The report, titled “Minority Businesses Matter,” provides recommendations “to help realise the untapped potential of the UK’s minority businesses.”

These include asking large businesses to make public their annual spending on procurement from minority businesses and commit to establishing or enhancing their supplier-diversity programmes.

In addition to providing anti-racism training to change perceptions of people from minorities, government and businesses also need to put in place “rigorous processes to systematically address discrimination in their recruitment, promotion, procurement, investment and other business decisions,” the report said.

It also said government decision-makers need to take more account of the interests of minority businesses in framing policy, regulations, funding and support programmes.

The report said it “comes at a time of growing global support for the Black Lives Matter movement and its efforts to highlight structural racism and the unique challenges minority communities have faced throughout the COVID-19 pandemic.”

Thousands of people around the world took to the streets last year to protest against racism and to show unprecedented support of the Black Lives Matter movement. In response, companies received fierce public backlash for saying that “Black lives matter,” having seemingly not shown true commitment to fighting racial injustice.

Following that, companies across the world pledged money, launched programmes, and assessed what they need to do to bring about change.
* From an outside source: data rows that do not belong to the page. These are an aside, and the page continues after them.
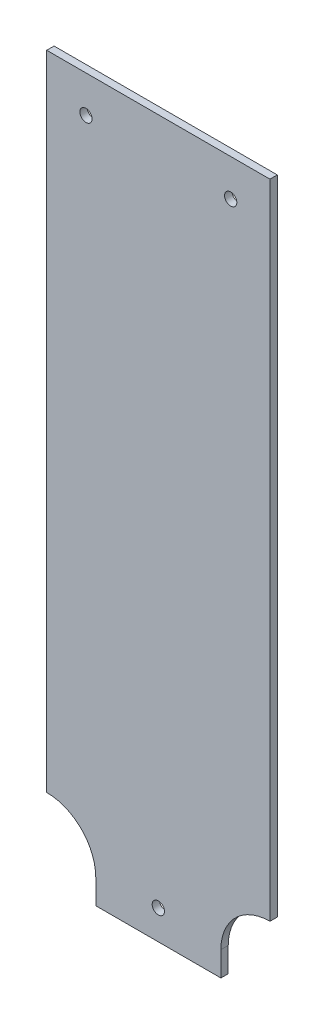
ISO-10303-21;
HEADER;
FILE_DESCRIPTION(('STEP AP214'),'2;1');
FILE_NAME('part.step','',(''),(''),'','','');
FILE_SCHEMA(('AUTOMOTIVE_DESIGN { 1 0 10303 214 1 1 1 1 }'));
ENDSEC;
DATA;
#1=APPLICATION_CONTEXT('core data for automotive mechanical design processes');
#2=APPLICATION_PROTOCOL_DEFINITION('international standard','automotive_design',2000,#1);
#3=PRODUCT_CONTEXT('',#1,'mechanical');
#4=PRODUCT('Part','Part','',(#3));
#5=PRODUCT_RELATED_PRODUCT_CATEGORY('part','',(#4));
#6=PRODUCT_DEFINITION_FORMATION('','',#4);
#7=PRODUCT_DEFINITION_CONTEXT('part definition',#1,'design');
#8=PRODUCT_DEFINITION('design','',#6,#7);
#9=PRODUCT_DEFINITION_SHAPE('','',#8);
#10=(LENGTH_UNIT() NAMED_UNIT(*) SI_UNIT(.MILLI.,.METRE.));
#11=(NAMED_UNIT(*) PLANE_ANGLE_UNIT() SI_UNIT($,.RADIAN.));
#12=(NAMED_UNIT(*) SI_UNIT($,.STERADIAN.) SOLID_ANGLE_UNIT());
#13=UNCERTAINTY_MEASURE_WITH_UNIT(LENGTH_MEASURE(1.E-05),#10,'distance_accuracy_value','');
#14=(GEOMETRIC_REPRESENTATION_CONTEXT(3) GLOBAL_UNCERTAINTY_ASSIGNED_CONTEXT((#13)) GLOBAL_UNIT_ASSIGNED_CONTEXT((#10,
#11,#12)) REPRESENTATION_CONTEXT('',''));
#15=CARTESIAN_POINT('',(0.,0.,0.));
#16=DIRECTION('',(0.,0.,1.));
#17=DIRECTION('',(1.,0.,0.));
#18=AXIS2_PLACEMENT_3D('',#15,#16,#17);
#19=CARTESIAN_POINT('',(-45.5,9.99999999999999,3.));
#20=DIRECTION('',(0.,0.,-1.));
#21=DIRECTION('',(-1.,0.,0.));
#22=AXIS2_PLACEMENT_3D('',#19,#20,#21);
#23=PLANE('',#22);
#24=CARTESIAN_POINT('',(29.5,277.,3.));
#25=DIRECTION('',(0.,0.,1.));
#26=DIRECTION('',(-1.,0.,0.));
#27=AXIS2_PLACEMENT_3D('',#24,#25,#26);
#28=CIRCLE('',#27,2.5);
#29=CARTESIAN_POINT('',(27.,277.,3.));
#30=VERTEX_POINT('',#29);
#31=EDGE_CURVE('E180',#30,#30,#28,.T.);
#32=ORIENTED_EDGE('',*,*,#31,.F.);
#33=EDGE_LOOP('',(#32));
#34=FACE_BOUND('',#33,.T.);
#35=DIRECTION('',(0.,-1.,0.));
#36=VECTOR('',#35,1.);
#37=CARTESIAN_POINT('',(-45.5,292.,3.));
#38=LINE('',#37,#36);
#39=CARTESIAN_POINT('',(-45.5,292.,3.));
#40=VERTEX_POINT('',#39);
#41=CARTESIAN_POINT('',(-45.5,30.,3.));
#42=VERTEX_POINT('',#41);
#43=EDGE_CURVE('E143',#40,#42,#38,.T.);
#44=ORIENTED_EDGE('',*,*,#43,.T.);
#45=CARTESIAN_POINT('',(-45.5,9.99999999999999,3.));
#46=DIRECTION('',(0.,0.,-1.));
#47=DIRECTION('',(-1.,0.,0.));
#48=AXIS2_PLACEMENT_3D('',#45,#46,#47);
#49=CIRCLE('',#48,20.);
#50=CARTESIAN_POINT('',(-25.5,9.99999999999999,3.));
#51=VERTEX_POINT('',#50);
#52=EDGE_CURVE('E91',#42,#51,#49,.T.);
#53=ORIENTED_EDGE('',*,*,#52,.T.);
#54=DIRECTION('',(0.,-1.,0.));
#55=VECTOR('',#54,1.);
#56=CARTESIAN_POINT('',(-25.5,0.,3.));
#57=LINE('',#56,#55);
#58=CARTESIAN_POINT('',(-25.5,0.,3.));
#59=VERTEX_POINT('',#58);
#60=EDGE_CURVE('E158',#51,#59,#57,.T.);
#61=ORIENTED_EDGE('',*,*,#60,.T.);
#62=DIRECTION('',(1.,0.,0.));
#63=VECTOR('',#62,1.);
#64=CARTESIAN_POINT('',(25.5,0.,3.));
#65=LINE('',#64,#63);
#66=CARTESIAN_POINT('',(25.5,0.,3.));
#67=VERTEX_POINT('',#66);
#68=EDGE_CURVE('E171',#59,#67,#65,.T.);
#69=ORIENTED_EDGE('',*,*,#68,.T.);
#70=DIRECTION('',(0.,1.,0.));
#71=VECTOR('',#70,1.);
#72=CARTESIAN_POINT('',(25.5,0.,3.));
#73=LINE('',#72,#71);
#74=CARTESIAN_POINT('',(25.5,9.99999999999999,3.));
#75=VERTEX_POINT('',#74);
#76=EDGE_CURVE('E110',#67,#75,#73,.T.);
#77=ORIENTED_EDGE('',*,*,#76,.T.);
#78=CARTESIAN_POINT('',(45.5,9.99999999999999,3.));
#79=DIRECTION('',(0.,0.,-1.));
#80=DIRECTION('',(1.,0.,0.));
#81=AXIS2_PLACEMENT_3D('',#78,#79,#80);
#82=CIRCLE('',#81,20.);
#83=CARTESIAN_POINT('',(45.5,30.,3.));
#84=VERTEX_POINT('',#83);
#85=EDGE_CURVE('E104',#75,#84,#82,.T.);
#86=ORIENTED_EDGE('',*,*,#85,.T.);
#87=DIRECTION('',(0.,1.,0.));
#88=VECTOR('',#87,1.);
#89=CARTESIAN_POINT('',(45.5,292.,3.));
#90=LINE('',#89,#88);
#91=CARTESIAN_POINT('',(45.5,292.,3.));
#92=VERTEX_POINT('',#91);
#93=EDGE_CURVE('E108',#84,#92,#90,.T.);
#94=ORIENTED_EDGE('',*,*,#93,.T.);
#95=DIRECTION('',(-1.,0.,0.));
#96=VECTOR('',#95,1.);
#97=CARTESIAN_POINT('',(45.5,292.,3.));
#98=LINE('',#97,#96);
#99=EDGE_CURVE('E48',#92,#40,#98,.T.);
#100=ORIENTED_EDGE('',*,*,#99,.T.);
#101=EDGE_LOOP('',(#44,#53,#61,#69,#77,#86,#94,#100));
#102=FACE_BOUND('',#101,.T.);
#103=CARTESIAN_POINT('',(-29.5,277.,3.));
#104=DIRECTION('',(0.,0.,1.));
#105=DIRECTION('',(1.,0.,0.));
#106=AXIS2_PLACEMENT_3D('',#103,#104,#105);
#107=CIRCLE('',#106,2.5);
#108=CARTESIAN_POINT('',(-27.,277.,3.));
#109=VERTEX_POINT('',#108);
#110=EDGE_CURVE('E132',#109,#109,#107,.T.);
#111=ORIENTED_EDGE('',*,*,#110,.F.);
#112=EDGE_LOOP('',(#111));
#113=FACE_BOUND('',#112,.T.);
#114=CARTESIAN_POINT('',(0.,12.,3.));
#115=DIRECTION('',(0.,0.,1.));
#116=DIRECTION('',(1.,0.,0.));
#117=AXIS2_PLACEMENT_3D('',#114,#115,#116);
#118=CIRCLE('',#117,2.5);
#119=CARTESIAN_POINT('',(2.5,12.,3.));
#120=VERTEX_POINT('',#119);
#121=EDGE_CURVE('E186',#120,#120,#118,.T.);
#122=ORIENTED_EDGE('',*,*,#121,.F.);
#123=EDGE_LOOP('',(#122));
#124=FACE_BOUND('',#123,.T.);
#125=ADVANCED_FACE('F31',(#34,#102,#113,#124),#23,.F.);
#126=CARTESIAN_POINT('',(-45.5,9.99999999999999,0.));
#127=DIRECTION('',(0.,0.,-1.));
#128=DIRECTION('',(-1.,0.,0.));
#129=AXIS2_PLACEMENT_3D('',#126,#127,#128);
#130=PLANE('',#129);
#131=CARTESIAN_POINT('',(29.5,277.,0.));
#132=DIRECTION('',(0.,0.,1.));
#133=DIRECTION('',(-1.,0.,0.));
#134=AXIS2_PLACEMENT_3D('',#131,#132,#133);
#135=CIRCLE('',#134,2.5);
#136=CARTESIAN_POINT('',(27.,277.,0.));
#137=VERTEX_POINT('',#136);
#138=EDGE_CURVE('E183',#137,#137,#135,.T.);
#139=ORIENTED_EDGE('',*,*,#138,.T.);
#140=EDGE_LOOP('',(#139));
#141=FACE_BOUND('',#140,.T.);
#142=DIRECTION('',(0.,-1.,0.));
#143=VECTOR('',#142,1.);
#144=CARTESIAN_POINT('',(-45.5,292.,0.));
#145=LINE('',#144,#143);
#146=CARTESIAN_POINT('',(-45.5,292.,0.));
#147=VERTEX_POINT('',#146);
#148=CARTESIAN_POINT('',(-45.5,30.,0.));
#149=VERTEX_POINT('',#148);
#150=EDGE_CURVE('E128',#147,#149,#145,.T.);
#151=ORIENTED_EDGE('',*,*,#150,.F.);
#152=DIRECTION('',(-1.,0.,0.));
#153=VECTOR('',#152,1.);
#154=CARTESIAN_POINT('',(45.5,292.,0.));
#155=LINE('',#154,#153);
#156=CARTESIAN_POINT('',(45.5,292.,0.));
#157=VERTEX_POINT('',#156);
#158=EDGE_CURVE('E83',#157,#147,#155,.T.);
#159=ORIENTED_EDGE('',*,*,#158,.F.);
#160=DIRECTION('',(0.,1.,0.));
#161=VECTOR('',#160,1.);
#162=CARTESIAN_POINT('',(45.5,292.,0.));
#163=LINE('',#162,#161);
#164=CARTESIAN_POINT('',(45.5,30.,0.));
#165=VERTEX_POINT('',#164);
#166=EDGE_CURVE('E77',#165,#157,#163,.T.);
#167=ORIENTED_EDGE('',*,*,#166,.F.);
#168=CARTESIAN_POINT('',(45.5,9.99999999999999,0.));
#169=DIRECTION('',(0.,0.,-1.));
#170=DIRECTION('',(1.,0.,0.));
#171=AXIS2_PLACEMENT_3D('',#168,#169,#170);
#172=CIRCLE('',#171,20.);
#173=CARTESIAN_POINT('',(25.5,9.99999999999999,0.));
#174=VERTEX_POINT('',#173);
#175=EDGE_CURVE('E118',#174,#165,#172,.T.);
#176=ORIENTED_EDGE('',*,*,#175,.F.);
#177=DIRECTION('',(0.,1.,0.));
#178=VECTOR('',#177,1.);
#179=CARTESIAN_POINT('',(25.5,0.,0.));
#180=LINE('',#179,#178);
#181=CARTESIAN_POINT('',(25.5,0.,0.));
#182=VERTEX_POINT('',#181);
#183=EDGE_CURVE('E138',#182,#174,#180,.T.);
#184=ORIENTED_EDGE('',*,*,#183,.F.);
#185=DIRECTION('',(1.,0.,0.));
#186=VECTOR('',#185,1.);
#187=CARTESIAN_POINT('',(25.5,0.,0.));
#188=LINE('',#187,#186);
#189=CARTESIAN_POINT('',(-25.5,0.,0.));
#190=VERTEX_POINT('',#189);
#191=EDGE_CURVE('E136',#190,#182,#188,.T.);
#192=ORIENTED_EDGE('',*,*,#191,.F.);
#193=DIRECTION('',(0.,-1.,0.));
#194=VECTOR('',#193,1.);
#195=CARTESIAN_POINT('',(-25.5,0.,0.));
#196=LINE('',#195,#194);
#197=CARTESIAN_POINT('',(-25.5,9.99999999999999,0.));
#198=VERTEX_POINT('',#197);
#199=EDGE_CURVE('E134',#198,#190,#196,.T.);
#200=ORIENTED_EDGE('',*,*,#199,.F.);
#201=CARTESIAN_POINT('',(-45.5,9.99999999999999,0.));
#202=DIRECTION('',(0.,0.,-1.));
#203=DIRECTION('',(-1.,0.,0.));
#204=AXIS2_PLACEMENT_3D('',#201,#202,#203);
#205=CIRCLE('',#204,20.);
#206=EDGE_CURVE('E131',#149,#198,#205,.T.);
#207=ORIENTED_EDGE('',*,*,#206,.F.);
#208=EDGE_LOOP('',(#151,#159,#167,#176,#184,#192,#200,#207));
#209=FACE_BOUND('',#208,.T.);
#210=CARTESIAN_POINT('',(-29.5,277.,0.));
#211=DIRECTION('',(0.,0.,1.));
#212=DIRECTION('',(1.,0.,0.));
#213=AXIS2_PLACEMENT_3D('',#210,#211,#212);
#214=CIRCLE('',#213,2.5);
#215=CARTESIAN_POINT('',(-27.,277.,0.));
#216=VERTEX_POINT('',#215);
#217=EDGE_CURVE('E177',#216,#216,#214,.T.);
#218=ORIENTED_EDGE('',*,*,#217,.T.);
#219=EDGE_LOOP('',(#218));
#220=FACE_BOUND('',#219,.T.);
#221=CARTESIAN_POINT('',(0.,12.,0.));
#222=DIRECTION('',(0.,0.,1.));
#223=DIRECTION('',(1.,0.,0.));
#224=AXIS2_PLACEMENT_3D('',#221,#222,#223);
#225=CIRCLE('',#224,2.5);
#226=CARTESIAN_POINT('',(2.5,12.,0.));
#227=VERTEX_POINT('',#226);
#228=EDGE_CURVE('E189',#227,#227,#225,.T.);
#229=ORIENTED_EDGE('',*,*,#228,.T.);
#230=EDGE_LOOP('',(#229));
#231=FACE_BOUND('',#230,.T.);
#232=ADVANCED_FACE('F162',(#141,#209,#220,#231),#130,.T.);
#233=CARTESIAN_POINT('',(-45.5,292.,3.));
#234=DIRECTION('',(1.,0.,0.));
#235=DIRECTION('',(0.,1.,0.));
#236=AXIS2_PLACEMENT_3D('',#233,#234,#235);
#237=PLANE('',#236);
#238=ORIENTED_EDGE('',*,*,#150,.T.);
#239=DIRECTION('',(0.,0.,-1.));
#240=VECTOR('',#239,1.);
#241=CARTESIAN_POINT('',(-45.5,30.,3.));
#242=LINE('',#241,#240);
#243=EDGE_CURVE('E11',#42,#149,#242,.T.);
#244=ORIENTED_EDGE('',*,*,#243,.F.);
#245=ORIENTED_EDGE('',*,*,#43,.F.);
#246=DIRECTION('',(0.,0.,-1.));
#247=VECTOR('',#246,1.);
#248=CARTESIAN_POINT('',(-45.5,292.,3.));
#249=LINE('',#248,#247);
#250=EDGE_CURVE('E124',#40,#147,#249,.T.);
#251=ORIENTED_EDGE('',*,*,#250,.T.);
#252=EDGE_LOOP('',(#238,#244,#245,#251));
#253=FACE_BOUND('',#252,.T.);
#254=ADVANCED_FACE('F33',(#253),#237,.F.);
#255=CARTESIAN_POINT('',(-45.5,9.99999999999999,3.));
#256=DIRECTION('',(0.,0.,-1.));
#257=DIRECTION('',(-1.,0.,0.));
#258=AXIS2_PLACEMENT_3D('',#255,#256,#257);
#259=CYLINDRICAL_SURFACE('',#258,20.);
#260=ORIENTED_EDGE('',*,*,#206,.T.);
#261=DIRECTION('',(0.,0.,-1.));
#262=VECTOR('',#261,1.);
#263=CARTESIAN_POINT('',(-25.5,9.99999999999999,3.));
#264=LINE('',#263,#262);
#265=EDGE_CURVE('E40',#51,#198,#264,.T.);
#266=ORIENTED_EDGE('',*,*,#265,.F.);
#267=ORIENTED_EDGE('',*,*,#52,.F.);
#268=ORIENTED_EDGE('',*,*,#243,.T.);
#269=EDGE_LOOP('',(#260,#266,#267,#268));
#270=FACE_BOUND('',#269,.T.);
#271=ADVANCED_FACE('F223',(#270),#259,.F.);
#272=CARTESIAN_POINT('',(-25.5,0.,3.));
#273=DIRECTION('',(1.,0.,0.));
#274=DIRECTION('',(0.,0.,-1.));
#275=AXIS2_PLACEMENT_3D('',#272,#273,#274);
#276=PLANE('',#275);
#277=ORIENTED_EDGE('',*,*,#199,.T.);
#278=DIRECTION('',(0.,0.,-1.));
#279=VECTOR('',#278,1.);
#280=CARTESIAN_POINT('',(-25.5,0.,3.));
#281=LINE('',#280,#279);
#282=EDGE_CURVE('E150',#59,#190,#281,.T.);
#283=ORIENTED_EDGE('',*,*,#282,.F.);
#284=ORIENTED_EDGE('',*,*,#60,.F.);
#285=ORIENTED_EDGE('',*,*,#265,.T.);
#286=EDGE_LOOP('',(#277,#283,#284,#285));
#287=FACE_BOUND('',#286,.T.);
#288=ADVANCED_FACE('F156',(#287),#276,.F.);
#289=CARTESIAN_POINT('',(25.5,0.,3.));
#290=DIRECTION('',(0.,1.,0.));
#291=DIRECTION('',(0.,0.,1.));
#292=AXIS2_PLACEMENT_3D('',#289,#290,#291);
#293=PLANE('',#292);
#294=ORIENTED_EDGE('',*,*,#191,.T.);
#295=DIRECTION('',(0.,0.,-1.));
#296=VECTOR('',#295,1.);
#297=CARTESIAN_POINT('',(25.5,0.,3.));
#298=LINE('',#297,#296);
#299=EDGE_CURVE('E147',#67,#182,#298,.T.);
#300=ORIENTED_EDGE('',*,*,#299,.F.);
#301=ORIENTED_EDGE('',*,*,#68,.F.);
#302=ORIENTED_EDGE('',*,*,#282,.T.);
#303=EDGE_LOOP('',(#294,#300,#301,#302));
#304=FACE_BOUND('',#303,.T.);
#305=ADVANCED_FACE('F167',(#304),#293,.F.);
#306=CARTESIAN_POINT('',(25.5,0.,3.));
#307=DIRECTION('',(-1.,0.,0.));
#308=DIRECTION('',(0.,0.,1.));
#309=AXIS2_PLACEMENT_3D('',#306,#307,#308);
#310=PLANE('',#309);
#311=ORIENTED_EDGE('',*,*,#183,.T.);
#312=DIRECTION('',(0.,0.,-1.));
#313=VECTOR('',#312,1.);
#314=CARTESIAN_POINT('',(25.5,9.99999999999999,3.));
#315=LINE('',#314,#313);
#316=EDGE_CURVE('E119',#75,#174,#315,.T.);
#317=ORIENTED_EDGE('',*,*,#316,.F.);
#318=ORIENTED_EDGE('',*,*,#76,.F.);
#319=ORIENTED_EDGE('',*,*,#299,.T.);
#320=EDGE_LOOP('',(#311,#317,#318,#319));
#321=FACE_BOUND('',#320,.T.);
#322=ADVANCED_FACE('F170',(#321),#310,.F.);
#323=CARTESIAN_POINT('',(45.5,9.99999999999999,3.));
#324=DIRECTION('',(0.,0.,-1.));
#325=DIRECTION('',(-1.,0.,0.));
#326=AXIS2_PLACEMENT_3D('',#323,#324,#325);
#327=CYLINDRICAL_SURFACE('',#326,20.);
#328=ORIENTED_EDGE('',*,*,#175,.T.);
#329=DIRECTION('',(0.,0.,-1.));
#330=VECTOR('',#329,1.);
#331=CARTESIAN_POINT('',(45.5,30.,3.));
#332=LINE('',#331,#330);
#333=EDGE_CURVE('E115',#84,#165,#332,.T.);
#334=ORIENTED_EDGE('',*,*,#333,.F.);
#335=ORIENTED_EDGE('',*,*,#85,.F.);
#336=ORIENTED_EDGE('',*,*,#316,.T.);
#337=EDGE_LOOP('',(#328,#334,#335,#336));
#338=FACE_BOUND('',#337,.T.);
#339=ADVANCED_FACE('F116',(#338),#327,.F.);
#340=CARTESIAN_POINT('',(45.5,292.,3.));
#341=DIRECTION('',(-1.,0.,0.));
#342=DIRECTION('',(0.,-1.,0.));
#343=AXIS2_PLACEMENT_3D('',#340,#341,#342);
#344=PLANE('',#343);
#345=ORIENTED_EDGE('',*,*,#166,.T.);
#346=DIRECTION('',(0.,0.,-1.));
#347=VECTOR('',#346,1.);
#348=CARTESIAN_POINT('',(45.5,292.,3.));
#349=LINE('',#348,#347);
#350=EDGE_CURVE('E120',#92,#157,#349,.T.);
#351=ORIENTED_EDGE('',*,*,#350,.F.);
#352=ORIENTED_EDGE('',*,*,#93,.F.);
#353=ORIENTED_EDGE('',*,*,#333,.T.);
#354=EDGE_LOOP('',(#345,#351,#352,#353));
#355=FACE_BOUND('',#354,.T.);
#356=ADVANCED_FACE('F122',(#355),#344,.F.);
#357=CARTESIAN_POINT('',(45.5,292.,3.));
#358=DIRECTION('',(0.,-1.,0.));
#359=DIRECTION('',(0.,0.,-1.));
#360=AXIS2_PLACEMENT_3D('',#357,#358,#359);
#361=PLANE('',#360);
#362=ORIENTED_EDGE('',*,*,#158,.T.);
#363=ORIENTED_EDGE('',*,*,#250,.F.);
#364=ORIENTED_EDGE('',*,*,#99,.F.);
#365=ORIENTED_EDGE('',*,*,#350,.T.);
#366=EDGE_LOOP('',(#362,#363,#364,#365));
#367=FACE_BOUND('',#366,.T.);
#368=ADVANCED_FACE('F211',(#367),#361,.F.);
#369=CARTESIAN_POINT('',(-29.5,277.,3.));
#370=DIRECTION('',(0.,0.,-1.));
#371=DIRECTION('',(-1.,0.,0.));
#372=AXIS2_PLACEMENT_3D('',#369,#370,#371);
#373=CYLINDRICAL_SURFACE('',#372,2.5);
#374=ORIENTED_EDGE('',*,*,#110,.T.);
#375=EDGE_LOOP('',(#374));
#376=FACE_BOUND('',#375,.T.);
#377=ORIENTED_EDGE('',*,*,#217,.F.);
#378=EDGE_LOOP('',(#377));
#379=FACE_BOUND('',#378,.T.);
#380=ADVANCED_FACE('F208',(#376,#379),#373,.F.);
#381=CARTESIAN_POINT('',(29.5,277.,3.));
#382=DIRECTION('',(0.,0.,-1.));
#383=DIRECTION('',(-1.,0.,0.));
#384=AXIS2_PLACEMENT_3D('',#381,#382,#383);
#385=CYLINDRICAL_SURFACE('',#384,2.5);
#386=ORIENTED_EDGE('',*,*,#31,.T.);
#387=EDGE_LOOP('',(#386));
#388=FACE_BOUND('',#387,.T.);
#389=ORIENTED_EDGE('',*,*,#138,.F.);
#390=EDGE_LOOP('',(#389));
#391=FACE_BOUND('',#390,.T.);
#392=ADVANCED_FACE('F287',(#388,#391),#385,.F.);
#393=CARTESIAN_POINT('',(0.,12.,3.));
#394=DIRECTION('',(0.,0.,-1.));
#395=DIRECTION('',(-1.,0.,0.));
#396=AXIS2_PLACEMENT_3D('',#393,#394,#395);
#397=CYLINDRICAL_SURFACE('',#396,2.5);
#398=ORIENTED_EDGE('',*,*,#121,.T.);
#399=EDGE_LOOP('',(#398));
#400=FACE_BOUND('',#399,.T.);
#401=ORIENTED_EDGE('',*,*,#228,.F.);
#402=EDGE_LOOP('',(#401));
#403=FACE_BOUND('',#402,.T.);
#404=ADVANCED_FACE('F195',(#400,#403),#397,.F.);
#405=CLOSED_SHELL('',(#125,#232,#254,#271,#288,#305,#322,#339,#356,#368,#380,#392,#404));
#406=MANIFOLD_SOLID_BREP('B2',#405);
#407=ADVANCED_BREP_SHAPE_REPRESENTATION('',(#18,#406),#14);
#408=SHAPE_DEFINITION_REPRESENTATION(#9,#407);
ENDSEC;
END-ISO-10303-21;

For instance, Citi pledged $1bn (£790m) to battle racial inequality.

The report also stated that stronger support for minority entrepreneurs would provide a significant boost to the UK’s economic output.

It pointed out that among their many contributions, minority businesses have developed rapid, accurate, low-cost COVID-19 tests, sourced personal protective equipment, kept elderly people safe in care homes, enabled the NHS to provide online GP consultations and delivered meals to families during lockdown.

It also said they can play a crucial role in boosting exports in a post-Brexit environment.

Meanwhile, a report from last week showed that the number of black individuals at the top of Britain’s biggest companies has fallen to zero.

Research compiled by recruitment agency Green Park shows that for the first time since the firm started its analysis back in 2014, there are no black chairs, CEOs or CFOs in the FTSE 100 (^FTSE).